_Dataset entries_:
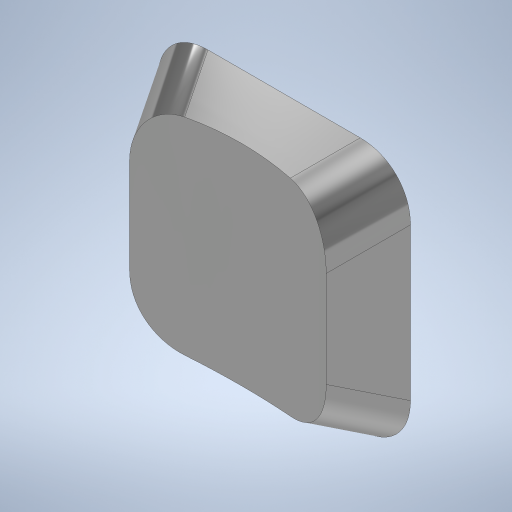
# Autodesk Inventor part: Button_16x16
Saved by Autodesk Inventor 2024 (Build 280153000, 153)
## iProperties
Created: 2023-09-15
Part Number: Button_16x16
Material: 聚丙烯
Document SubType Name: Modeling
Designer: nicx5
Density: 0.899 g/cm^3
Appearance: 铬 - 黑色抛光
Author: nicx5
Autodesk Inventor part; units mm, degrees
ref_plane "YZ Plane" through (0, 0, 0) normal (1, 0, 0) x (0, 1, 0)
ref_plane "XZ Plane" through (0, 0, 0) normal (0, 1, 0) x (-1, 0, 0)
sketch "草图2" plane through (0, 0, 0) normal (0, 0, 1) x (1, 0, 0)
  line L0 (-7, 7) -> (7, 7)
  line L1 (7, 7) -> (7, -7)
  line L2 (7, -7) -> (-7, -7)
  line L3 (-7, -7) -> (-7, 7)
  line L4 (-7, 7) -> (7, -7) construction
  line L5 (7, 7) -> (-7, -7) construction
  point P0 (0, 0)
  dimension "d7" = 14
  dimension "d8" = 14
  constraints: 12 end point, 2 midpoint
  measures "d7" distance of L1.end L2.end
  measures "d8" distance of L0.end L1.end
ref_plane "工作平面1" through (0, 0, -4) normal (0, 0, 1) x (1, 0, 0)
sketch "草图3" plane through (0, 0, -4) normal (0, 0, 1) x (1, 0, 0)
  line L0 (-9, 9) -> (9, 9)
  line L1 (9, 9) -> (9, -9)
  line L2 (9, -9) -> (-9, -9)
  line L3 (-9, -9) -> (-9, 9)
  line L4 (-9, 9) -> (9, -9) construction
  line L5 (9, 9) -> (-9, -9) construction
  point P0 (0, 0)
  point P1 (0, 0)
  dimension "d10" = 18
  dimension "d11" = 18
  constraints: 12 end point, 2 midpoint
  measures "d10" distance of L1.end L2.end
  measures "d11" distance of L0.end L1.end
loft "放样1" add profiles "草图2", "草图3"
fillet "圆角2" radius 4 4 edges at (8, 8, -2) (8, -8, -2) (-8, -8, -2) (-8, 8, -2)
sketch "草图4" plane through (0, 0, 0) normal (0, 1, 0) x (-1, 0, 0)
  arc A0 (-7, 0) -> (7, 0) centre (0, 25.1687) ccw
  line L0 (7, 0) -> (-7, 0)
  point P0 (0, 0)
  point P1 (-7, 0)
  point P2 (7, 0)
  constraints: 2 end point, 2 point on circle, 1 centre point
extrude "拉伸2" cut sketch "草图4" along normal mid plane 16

_Description of the task_:
Reproduce the listing in full and exactly, excluding any pictures it holds.

_Exercise solution_:
# Autodesk Inventor part: Button_16x16
Saved by Autodesk Inventor 2024 (Build 280153000, 153)
## iProperties
Created: 2023-09-15
Part Number: Button_16x16
Material: 聚丙烯
Document SubType Name: Modeling
Designer: nicx5
Density: 0.899 g/cm^3
Appearance: 铬 - 黑色抛光
Author: nicx5
Autodesk Inventor part; units mm, degrees
ref_plane "YZ Plane" through (0, 0, 0) normal (1, 0, 0) x (0, 1, 0)
ref_plane "XZ Plane" through (0, 0, 0) normal (0, 1, 0) x (-1, 0, 0)
sketch "草图2" plane through (0, 0, 0) normal (0, 0, 1) x (1, 0, 0)
  line L0 (-7, 7) -> (7, 7)
  line L1 (7, 7) -> (7, -7)
  line L2 (7, -7) -> (-7, -7)
  line L3 (-7, -7) -> (-7, 7)
  line L4 (-7, 7) -> (7, -7) construction
  line L5 (7, 7) -> (-7, -7) construction
  point P0 (0, 0)
  dimension "d7" = 14
  dimension "d8" = 14
  constraints: 12 end point, 2 midpoint
  measures "d7" distance of L1.end L2.end
  measures "d8" distance of L0.end L1.end
ref_plane "工作平面1" through (0, 0, -4) normal (0, 0, 1) x (1, 0, 0)
sketch "草图3" plane through (0, 0, -4) normal (0, 0, 1) x (1, 0, 0)
  line L0 (-9, 9) -> (9, 9)
  line L1 (9, 9) -> (9, -9)
  line L2 (9, -9) -> (-9, -9)
  line L3 (-9, -9) -> (-9, 9)
  line L4 (-9, 9) -> (9, -9) construction
  line L5 (9, 9) -> (-9, -9) construction
  point P0 (0, 0)
  point P1 (0, 0)
  dimension "d10" = 18
  dimension "d11" = 18
  constraints: 12 end point, 2 midpoint
  measures "d10" distance of L1.end L2.end
  measures "d11" distance of L0.end L1.end
loft "放样1" add profiles "草图2", "草图3"
fillet "圆角2" radius 4 4 edges at (8, 8, -2) (8, -8, -2) (-8, -8, -2) (-8, 8, -2)
sketch "草图4" plane through (0, 0, 0) normal (0, 1, 0) x (-1, 0, 0)
  arc A0 (-7, 0) -> (7, 0) centre (0, 25.1687) ccw
  line L0 (7, 0) -> (-7, 0)
  point P0 (0, 0)
  point P1 (-7, 0)
  point P2 (7, 0)
  constraints: 2 end point, 2 point on circle, 1 centre point
extrude "拉伸2" cut sketch "草图4" along normal mid plane 16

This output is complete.